Na Avenida da Liberdade, Lisboa
Cortesia de jmgs

«Só desde o momento que essa História, da Literatura e da Crítica, começou a ser feita sistematicamente dentro da Universidade, desde meados do século XX, é que se operou a dupla mutação face à crítica «impressionista» (termo ainda aplicável, aliás, a quase tudo o que um David Mourão-Ferreira cometeu na crítica, como o próprio admitia) em que Chagas se exercitou nos seus ensaios:
  • a constituição de um público no sentido moderno do termo, falta tantas vezes lamentada tanto por Chagas como por outros depois dele (como ainda no caso do Inquérito Literário de Boavida Portugal, em 1915);
  • a criação de um establishment universitário em contacto regular com aquela Europa moderna que a geração de Chagas e Eça, e mesmo antes dela, tomava por ideal normativo.

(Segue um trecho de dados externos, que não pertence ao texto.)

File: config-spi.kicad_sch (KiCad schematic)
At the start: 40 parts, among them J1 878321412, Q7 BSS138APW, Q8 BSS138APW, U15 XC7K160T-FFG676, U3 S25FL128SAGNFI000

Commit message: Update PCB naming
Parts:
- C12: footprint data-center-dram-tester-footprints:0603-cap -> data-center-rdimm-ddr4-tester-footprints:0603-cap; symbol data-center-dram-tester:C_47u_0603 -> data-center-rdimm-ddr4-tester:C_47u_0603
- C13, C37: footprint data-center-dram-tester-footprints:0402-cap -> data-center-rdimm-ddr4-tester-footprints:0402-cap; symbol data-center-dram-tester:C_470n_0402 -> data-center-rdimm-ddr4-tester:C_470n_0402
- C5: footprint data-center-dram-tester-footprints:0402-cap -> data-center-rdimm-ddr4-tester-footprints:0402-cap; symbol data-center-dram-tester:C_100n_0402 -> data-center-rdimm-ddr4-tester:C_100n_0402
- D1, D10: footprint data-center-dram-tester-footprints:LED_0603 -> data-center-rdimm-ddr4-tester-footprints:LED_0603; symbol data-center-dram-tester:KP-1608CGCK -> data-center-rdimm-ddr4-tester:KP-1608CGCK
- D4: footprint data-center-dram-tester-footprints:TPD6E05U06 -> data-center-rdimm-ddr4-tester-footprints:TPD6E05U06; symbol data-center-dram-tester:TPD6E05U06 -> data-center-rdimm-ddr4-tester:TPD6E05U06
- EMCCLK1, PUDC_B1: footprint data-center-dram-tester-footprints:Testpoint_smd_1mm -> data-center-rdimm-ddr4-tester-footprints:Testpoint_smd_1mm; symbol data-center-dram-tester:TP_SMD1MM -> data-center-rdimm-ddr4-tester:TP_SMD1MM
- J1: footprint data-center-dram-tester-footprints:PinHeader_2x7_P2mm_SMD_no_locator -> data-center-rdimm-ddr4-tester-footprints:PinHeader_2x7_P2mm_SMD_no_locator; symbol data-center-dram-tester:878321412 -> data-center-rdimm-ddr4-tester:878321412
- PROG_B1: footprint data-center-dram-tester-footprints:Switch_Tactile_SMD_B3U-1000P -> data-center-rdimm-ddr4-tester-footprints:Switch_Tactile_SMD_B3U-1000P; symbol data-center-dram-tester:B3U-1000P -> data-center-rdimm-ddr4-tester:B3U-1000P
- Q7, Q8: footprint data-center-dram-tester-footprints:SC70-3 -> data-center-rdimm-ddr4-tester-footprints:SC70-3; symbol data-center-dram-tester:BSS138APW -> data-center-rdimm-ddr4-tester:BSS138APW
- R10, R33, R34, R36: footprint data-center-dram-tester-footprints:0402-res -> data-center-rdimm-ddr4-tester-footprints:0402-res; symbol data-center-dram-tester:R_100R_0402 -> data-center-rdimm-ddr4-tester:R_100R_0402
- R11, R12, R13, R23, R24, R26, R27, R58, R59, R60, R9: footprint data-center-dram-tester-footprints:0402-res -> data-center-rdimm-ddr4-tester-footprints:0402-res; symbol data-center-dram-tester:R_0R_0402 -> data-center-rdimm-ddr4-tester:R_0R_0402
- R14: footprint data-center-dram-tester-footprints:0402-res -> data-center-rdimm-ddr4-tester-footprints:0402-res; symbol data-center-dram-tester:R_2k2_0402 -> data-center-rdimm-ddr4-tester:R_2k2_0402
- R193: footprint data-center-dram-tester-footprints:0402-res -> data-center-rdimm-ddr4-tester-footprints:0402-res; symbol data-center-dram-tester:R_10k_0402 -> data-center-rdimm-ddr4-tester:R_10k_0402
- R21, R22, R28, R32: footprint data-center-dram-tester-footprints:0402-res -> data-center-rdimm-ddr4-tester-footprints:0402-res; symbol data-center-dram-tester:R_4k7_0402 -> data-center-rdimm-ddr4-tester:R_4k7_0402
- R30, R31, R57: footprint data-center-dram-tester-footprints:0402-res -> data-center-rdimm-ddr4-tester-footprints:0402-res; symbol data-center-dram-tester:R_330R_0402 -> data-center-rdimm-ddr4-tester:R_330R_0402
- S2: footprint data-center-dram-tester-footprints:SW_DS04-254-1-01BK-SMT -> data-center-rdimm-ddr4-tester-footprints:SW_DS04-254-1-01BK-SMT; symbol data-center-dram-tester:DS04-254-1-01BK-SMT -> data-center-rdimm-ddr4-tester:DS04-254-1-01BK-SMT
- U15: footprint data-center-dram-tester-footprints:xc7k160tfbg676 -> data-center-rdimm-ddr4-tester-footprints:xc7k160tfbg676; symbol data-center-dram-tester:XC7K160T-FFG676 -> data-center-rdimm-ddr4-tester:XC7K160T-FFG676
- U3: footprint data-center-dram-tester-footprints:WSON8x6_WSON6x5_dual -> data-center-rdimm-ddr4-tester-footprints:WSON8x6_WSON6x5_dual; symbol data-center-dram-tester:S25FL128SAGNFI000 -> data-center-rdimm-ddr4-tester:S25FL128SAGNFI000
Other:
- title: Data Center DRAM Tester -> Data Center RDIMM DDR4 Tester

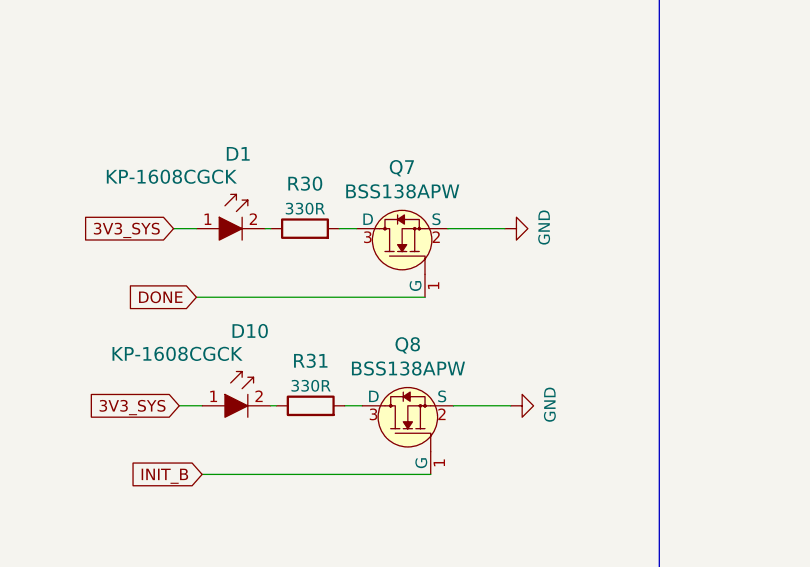
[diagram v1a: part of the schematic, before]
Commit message: Update BSS138PW lib name and MPN
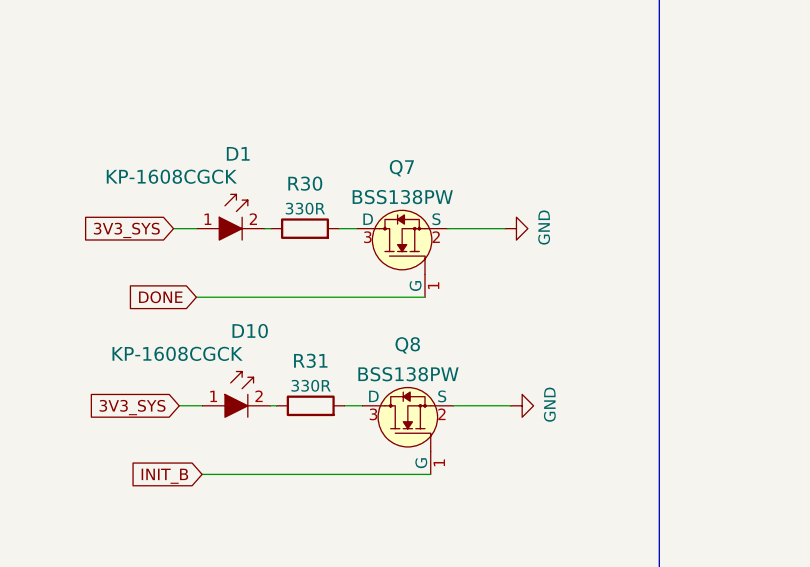
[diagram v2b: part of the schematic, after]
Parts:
- Q7, Q8: value BSS138APW -> BSS138PW; footprint data-center-rdimm-ddr4-tester-footprints:SC70-3 -> antmicro-footprints:SC70-3; symbol data-center-rdimm-ddr4-tester:BSS138APW -> data-center-rdimm-ddr4-tester:BSS138PW; Manufacturer ON Semiconductor -> Nexperia
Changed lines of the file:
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@@
     (pin "2")
   )
-  (symbol (lib_id "data-center-rdimm-ddr4-tester:BSS138APW") (at 167.005 238.125 90) (unit 1)
+  (symbol (lib_id "data-center-rdimm-ddr4-tester:BSS138PW") (at 167.005 238.125 90) (unit 1)
     (in_bom yes) (on_board yes)
     (property "Reference" "Q7" (id 0) (at 167.005 231.3432 90)
       (effects (font (size 1.524 1.524)))
     )
-    (property "Value" "BSS138APW" (id 1) (at 167.005 234.0356 90)
+    (property "Value" "BSS138PW" (id 1) (at 167.005 234.6706 90)
       (effects (font (size 1.524 1.524)))
     )
-    (property "Footprint" "data-center-rdimm-ddr4-tester-footprints:SC70-3" (id 2) (at 161.925 233.045 0)
+    (property "Footprint" "antmicro-footprints:SC70-3" (id 2) (at 161.925 233.045 0)
       (effects (font (size 1.524 1.524)) (justify left) hide)
     )
-    (property "Datasheet" "" (id 3) (at 159.385 233.045 0)
+    (property "Datasheet" "https://assets.nexperia.com/documents/data-sheet/BSS138PW.pdf" (id 3) (at 159.385 233.045 0)
       (effects (font (size 1.524 1.524)) (justify left) hide)
     )
-    (property "MPN" "BSS138PW" (id 4) (at 154.305 233.045 0)
+    (property "MPN" "BSS138PW" (id 4) (at 156.845 221.615 0)
       (effects (font (size 1.524 1.524)) (justify left) hide)
     )
-    (property "Manufacturer" "ON Semiconductor" (id 5) (at 139.065 233.045 0)
+    (property "Manufacturer" "Nexperia" (id 5) (at 156.845 233.045 0)
       (effects (font (size 1.524 1.524)) (justify left) hide)
     )
@@
     (pin "3")
   )
-  (symbol (lib_id "data-center-rdimm-ddr4-tester:BSS138APW") (at 167.64 257.81 90) (unit 1)
+  (symbol (lib_id "data-center-rdimm-ddr4-tester:BSS138PW") (at 167.64 257.81 90) (unit 1)
     (in_bom yes) (on_board yes)
     (property "Reference" "Q8" (id 0) (at 167.64 251.0282 90)
       (effects (font (size 1.524 1.524)))
     )
-    (property "Value" "BSS138APW" (id 1) (at 167.64 253.7206 90)
+    (property "Value" "BSS138PW" (id 1) (at 167.64 254.3556 90)
       (effects (font (size 1.524 1.524)))
     )
-    (property "Footprint" "data-center-rdimm-ddr4-tester-footprints:SC70-3" (id 2) (at 162.56 252.73 0)
+    (property "Footprint" "antmicro-footprints:SC70-3" (id 2) (at 162.56 252.73 0)
       (effects (font (size 1.524 1.524)) (justify left) hide)
     )
-    (property "Datasheet" "" (id 3) (at 160.02 252.73 0)
+    (property "Datasheet" "https://assets.nexperia.com/documents/data-sheet/BSS138PW.pdf" (id 3) (at 160.02 252.73 0)
       (effects (font (size 1.524 1.524)) (justify left) hide)
     )
-    (property "MPN" "BSS138PW" (id 4) (at 154.94 252.73 0)
+    (property "MPN" "BSS138PW" (id 4) (at 157.48 241.3 0)
       (effects (font (size 1.524 1.524)) (justify left) hide)
     )
-    (property "Manufacturer" "ON Semiconductor" (id 5) (at 139.7 252.73 0)
+    (property "Manufacturer" "Nexperia" (id 5) (at 157.48 252.73 0)
       (effects (font (size 1.524 1.524)) (justify left) hide)
     )

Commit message: Introduce component standardization
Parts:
- C12: footprint data-center-rdimm-ddr4-tester-footprints:0603-cap -> data-center-rdimm-ddr4-tester-footprints:C_0603_1608Metric; Author (none) -> Antmicro; License (none) -> Apache-2.0; Manufacturer MURATA -> Murata
- C13, C37: footprint data-center-rdimm-ddr4-tester-footprints:0402-cap -> data-center-rdimm-ddr4-tester-footprints:C_0402_1005Metric; Author (none) -> Antmicro; License (none) -> Apache-2.0
- C5: footprint data-center-rdimm-ddr4-tester-footprints:0402-cap -> data-center-rdimm-ddr4-tester-footprints:C_0402_1005Metric; Author (none) -> Antmicro; Dielectric (none) -> X5R; License (none) -> Apache-2.0; Voltage (none) -> 50V
- D1, D10: value KP-1608CGCK -> LED_G_0603_KP-1608CGCK; footprint data-center-rdimm-ddr4-tester-footprints:LED_0603 -> data-center-rdimm-ddr4-tester-footprints:LED_0603_1608Metric_G; symbol data-center-rdimm-ddr4-tester:KP-1608CGCK -> data-center-rdimm-ddr4-tester:LED_G_0603_KP-1608CGCK; Author (none) -> Antmicro; License (none) -> Apache-2.0; Manufacturer KINGBRIGHT -> Kingbright
- D4: value TPD6E05U06 -> TPD6E05U06RVZR; footprint data-center-rdimm-ddr4-tester-footprints:TPD6E05U06 -> data-center-rdimm-ddr4-tester-footprints:USON-14_3.5X1.3X0.5mm_P0.5mm; symbol data-center-rdimm-ddr4-tester:TPD6E05U06 -> data-center-rdimm-ddr4-tester:TPD6E05U06RVZR; Author (none) -> Antmicro; License (none) -> Apache-2.0
- EMCCLK1, PUDC_B1: value TP_SMD1MM -> TP_1mm_SMD; symbol data-center-rdimm-ddr4-tester:TP_SMD1MM -> data-center-rdimm-ddr4-tester:TP_1mm_SMD; Author (none) -> Antmicro; License (none) -> Apache-2.0
- J1: value 878321412 -> PinHeader_2x7_P2mm_SMD_Shrouded_no-locator; footprint data-center-rdimm-ddr4-tester-footprints:PinHeader_2x7_P2mm_SMD_no_locator -> data-center-rdimm-ddr4-tester-footprints:PinHeader_2x7_P2mm_SMD_Shrouded_no-locator; symbol data-center-rdimm-ddr4-tester:878321412 -> data-center-rdimm-ddr4-tester:PinHeader_2x7_P2mm_SMD_Shrouded_no-locator; Author (none) -> Antmicro; License (none) -> Apache-2.0
- PROG_B1: value B3U-1000P -> SW_B3U-1000P; footprint data-center-rdimm-ddr4-tester-footprints:Switch_Tactile_SMD_B3U-1000P -> data-center-rdimm-ddr4-tester-footprints:SW_B3U-3000P; symbol data-center-rdimm-ddr4-tester:B3U-1000P -> data-center-rdimm-ddr4-tester:SW_B3U-1000P; Author (none) -> Antmicro; License (none) -> Apache-2.0; Manufacturer Omron Electronics Inc-EMC Div -> Omron Electronics
- Q7, Q8: footprint antmicro-footprints:SC70-3 -> data-center-rdimm-ddr4-tester-footprints:SC70-3; Author (none) -> Antmicro; License (none) -> Apache-2.0
- R10, R33, R34, R36: footprint data-center-rdimm-ddr4-tester-footprints:0402-res -> data-center-rdimm-ddr4-tester-footprints:R_0402_1005Metric; Author (none) -> Antmicro; License (none) -> Apache-2.0; Manufacturer BOURNS -> Bourns; Tolerance (none) -> 1%
- R11, R12, R13, R23, R24, R26, R27, R58, R59, R60, R9: footprint data-center-rdimm-ddr4-tester-footprints:0402-res -> data-center-rdimm-ddr4-tester-footprints:R_0402_1005Metric; Author (none) -> Antmicro; Current (none) -> 1A; License (none) -> Apache-2.0; Manufacturer PANASONIC -> Panasonic
- R14: footprint data-center-rdimm-ddr4-tester-footprints:0402-res -> data-center-rdimm-ddr4-tester-footprints:R_0402_1005Metric; Author (none) -> Antmicro; License (none) -> Apache-2.0; MPN RC0402FR-072K2L -> CR0402-FX-2201GLF; Manufacturer YAGEO -> Bourns; Tolerance (none) -> 1%
- R193: footprint data-center-rdimm-ddr4-tester-footprints:0402-res -> data-center-rdimm-ddr4-tester-footprints:R_0402_1005Metric; Author (none) -> Antmicro; License (none) -> Apache-2.0; MPN CRCW040210K0FKEDHP -> CR0402-FX-1002GLF; Manufacturer VISHAY -> Bourns; Tolerance (none) -> 1%
- R21, R22, R28, R32: footprint data-center-rdimm-ddr4-tester-footprints:0402-res -> data-center-rdimm-ddr4-tester-footprints:R_0402_1005Metric; Author (none) -> Antmicro; License (none) -> Apache-2.0; MPN ERJ2GEJ472X -> CR0402-FX-4701GLF; Manufacturer PANASONIC_ELECTRONIC_COMPONENTS -> Bourns; Tolerance (none) -> 1%
- R30, R31, R57: footprint data-center-rdimm-ddr4-tester-footprints:0402-res -> data-center-rdimm-ddr4-tester-footprints:R_0402_1005Metric; Author (none) -> Antmicro; License (none) -> Apache-2.0; MPN MCMR04X3300FTL -> CR0402-FX-3300GLF; Manufacturer MULTICOMP -> Bourns; Tolerance (none) -> 1%
- S2: value DS04-254-1-01BK-SMT -> SW_DS04-254-1-01BK-SMT; symbol data-center-rdimm-ddr4-tester:DS04-254-1-01BK-SMT -> data-center-rdimm-ddr4-tester:SW_DS04-254-1-01BK-SMT; Author (none) -> Antmicro; License (none) -> Apache-2.0; Manufacturer CUI Devices -> CUI Inc
- U15: footprint data-center-rdimm-ddr4-tester-footprints:xc7k160tfbg676 -> data-center-rdimm-ddr4-tester-footprints:BGA-676_27x27mm_Layout26x26_P1X1mm; Author (none) -> Antmicro; License (none) -> Apache-2.0; MPN (none) -> XC7K160T-FFG676; Manufacturer (none) -> Xilinx
- U3: footprint data-center-rdimm-ddr4-tester-footprints:WSON8x6_WSON6x5_dual -> data-center-rdimm-ddr4-tester-footprints:WSON-8_6x8x0.5mm_P1.27mm; Author (none) -> Antmicro; License (none) -> Apache-2.0
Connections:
- net 3V3_SYS: now also R14.1; no longer R14.2
- net FCS_B: now also R14.2; no longer R14.1
- net TCK_JTAG: now also D4.2 (D1-)
- net TDI_JTAG: now also D4.7 (D3-)
- net TDO_JTAG: now also D4.6 (D3+)
- net TMS_JTAG: now also D4.1 (D1+)
- net at D4.11 (D2-): now also D4.4 (D2-)
- net at D4.12 (D2+): now also D4.3 (D2+)
- no-connect marks 2 -> 4
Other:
- note added: "000 001 010 100 101 110 111"
- note added: "Config. mode"
- note added: "MODE[2:0]"
- note added: "Master Serial Master SPI Master BPI Master SelectMAP JTAG Slave SelectMAP Slave Serial"
- note removed: "Config. mode Master Serial Master SPI Master BPI Master SelectMAP JTAG Slave SelectMAP Slave Serial"
- note removed: "MODE[2:0] 000 001 010 100 101 110 111"
- moved on the sheet: C12, C13, C37, C5, EMCCLK1, PUDC_B1, R10, R14, R193, R21, R22, R23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

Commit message: [#55119] component update
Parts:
- C12: footprint data-center-rdimm-ddr4-tester-footprints:C_0603_1608Metric -> antmicro-footprints:C_0603_1608Metric; symbol data-center-rdimm-ddr4-tester:C_47u_0603 -> antmicroCapacitors0603:C_47u_0603
- C13, C37: footprint data-center-rdimm-ddr4-tester-footprints:C_0402_1005Metric -> antmicro-footprints:C_0402_1005Metric; symbol data-center-rdimm-ddr4-tester:C_470n_0402 -> antmicroCapacitors0402:C_470n_0402
- C5: footprint data-center-rdimm-ddr4-tester-footprints:C_0402_1005Metric -> antmicro-footprints:C_0402_1005Metric; symbol data-center-rdimm-ddr4-tester:C_100n_0402 -> antmicroCapacitors0402:C_100n_0402
- D1, D10: footprint data-center-rdimm-ddr4-tester-footprints:LED_0603_1608Metric_G -> antmicro-footprints:LED_0603_1608Metric_G; symbol data-center-rdimm-ddr4-tester:LED_G_0603_KP-1608CGCK -> antmicroLEDIndicationDiscrete:LED_G_0603_KP-1608CGCK
- D4: footprint data-center-rdimm-ddr4-tester-footprints:USON-14_3.5X1.3X0.5mm_P0.5mm -> antmicro-footprints:USON-14_3.5X1.3X0.5mm_P0.5mm; symbol data-center-rdimm-ddr4-tester:TPD6E05U06RVZR -> antmicroTVSDiodes:TPD6E05U06RVZR; now not fitted; now left out of the parts list
- EMCCLK1, PUDC_B1: footprint data-center-rdimm-ddr4-tester-footprints:Testpoint_smd_1mm -> antmicro-footprints:TP_SMD_1mm; symbol data-center-rdimm-ddr4-tester:TP_1mm_SMD -> antmicroTestPoints:TP_1mm_SMD
- J1: footprint data-center-rdimm-ddr4-tester-footprints:PinHeader_2x7_P2mm_SMD_Shrouded_no-locator -> antmicro-footprints:PinHeader_2x7_P2mm_SMD_Shrouded_no-locator; symbol data-center-rdimm-ddr4-tester:PinHeader_2x7_P2mm_SMD_Shrouded_no-locator -> antmicroGenericPinHeaders:PinHeader_2x7_P2mm_SMD_Shrouded_no-locator; now not fitted; now left out of the parts list
- PROG_B1: footprint data-center-rdimm-ddr4-tester-footprints:SW_B3U-3000P -> antmicro-footprints:SW_B3U-1000P_SMD; symbol data-center-rdimm-ddr4-tester:SW_B3U-1000P -> antmicroPushbuttonSwitches:SW_B3U-1000P_SMD; Manufacturer Omron Electronics -> Omron
- Q7, Q8: footprint data-center-rdimm-ddr4-tester-footprints:SC70-3 -> antmicro-footprints:SC70-3; symbol data-center-rdimm-ddr4-tester:BSS138PW -> antmicroTransistorsFETsMOSFETsSingle:BSS138PW
- R10: footprint data-center-rdimm-ddr4-tester-footprints:R_0402_1005Metric -> antmicro-footprints:R_0402_1005Metric; symbol data-center-rdimm-ddr4-tester:R_100R_0402 -> antmicroResistors0402:R_100R_0402
- R11, R12: footprint data-center-rdimm-ddr4-tester-footprints:R_0402_1005Metric -> antmicro-footprints:R_0402_1005Metric; symbol data-center-rdimm-ddr4-tester:R_0R_0402 -> antmicroResistors0402:R_0R_0402; now not fitted; now left out of the parts list
- R13, R23, R24, R26, R27, R58, R59, R60, R9: footprint data-center-rdimm-ddr4-tester-footprints:R_0402_1005Metric -> antmicro-footprints:R_0402_1005Metric; symbol data-center-rdimm-ddr4-tester:R_0R_0402 -> antmicroResistors0402:R_0R_0402
- R14: footprint data-center-rdimm-ddr4-tester-footprints:R_0402_1005Metric -> antmicro-footprints:R_0402_1005Metric; symbol data-center-rdimm-ddr4-tester:R_2k2_0402 -> antmicroResistors0402:R_2k2_0402
- R193: footprint data-center-rdimm-ddr4-tester-footprints:R_0402_1005Metric -> antmicro-footprints:R_0402_1005Metric; symbol data-center-rdimm-ddr4-tester:R_10k_0402 -> antmicroResistors0402:R_10k_0402
- R21, R22, R28, R32: footprint data-center-rdimm-ddr4-tester-footprints:R_0402_1005Metric -> antmicro-footprints:R_0402_1005Metric; symbol data-center-rdimm-ddr4-tester:R_4k7_0402 -> antmicroResistors0402:R_4k7_0402
- R30, R31, R57: footprint data-center-rdimm-ddr4-tester-footprints:R_0402_1005Metric -> antmicro-footprints:R_0402_1005Metric; symbol data-center-rdimm-ddr4-tester:R_330R_0402 -> antmicroResistors0402:R_330R_0402
- R33, R34, R36: footprint data-center-rdimm-ddr4-tester-footprints:R_0402_1005Metric -> antmicro-footprints:R_0402_1005Metric; symbol data-center-rdimm-ddr4-tester:R_100R_0402 -> antmicroResistors0402:R_100R_0402; now not fitted; now left out of the parts list
- S2: footprint data-center-rdimm-ddr4-tester-footprints:SW_DS04-254-1-01BK-SMT -> antmicro-footprints:SW_DS04-254-1-01BK-SMT; symbol data-center-rdimm-ddr4-tester:SW_DS04-254-1-01BK-SMT -> antmicroSlideSwitches:SW_DS04-254-1-01BK-SMT
- U15: footprint data-center-rdimm-ddr4-tester-footprints:BGA-676_27x27mm_Layout26x26_P1X1mm -> antmicro-footprints:BGA-676_27x27mm_Layout26x26_P1X1mm; symbol data-center-rdimm-ddr4-tester:XC7K160T-FFG676 -> antmicroMicrocontrollers:XC7K160T-FFG676; Manufacturer Xilinx -> AMD-Xilinx
- U3: footprint data-center-rdimm-ddr4-tester-footprints:WSON-8_6x8x0.5mm_P1.27mm -> antmicro-footprints:WSON-8_6x8x0.5mm_P1.27mm; symbol data-center-rdimm-ddr4-tester:S25FL128SAGNFI000 -> antmicroMemory:S25FL128SAGNFI000

Sem estas duas mudanças, e a mudança social que se produziu com elas no último quartel do século XX, o mundo literário e social de Chagas permaneceria sendo o nosso. Nesse mundo, a prosa tendia à solenidade e o número de caracteres ainda não era a ultima ratio da escrita, nem mesmo da jornalística. Quem conhecer as longas aberturas dos textos do início do século XX sentir-se-á à vontade entre a prosa dos novos de meados do século XIX, com as suas extensas divagações sobrecarregadas de erudição clássica e moderna.
Como Chagas explica nas suas «Duas palavras d’Introducção», Ensaios Críticos reúne alguns dos textos do «primeiro ano do meu noviciado jornalístico». Nele, e em tudo o que mais se propunha fazer, «a missão da crítica era elevadíssima», mesmo se a adulação colhe sempre mais adeptos, tanto entre os maiores como entre os menores: «Perante a vaidade todos somos iguais». E a modéstia do aspirante a critico, a homem de letras naquela acepção que hoje desapareceu, só torna a leitura dos ensaios mais esmagadora: aquela ideia de cultura já não existe, aquela língua portuguesa já não existe, aquela Pátria já não existe». In Carlos Leone.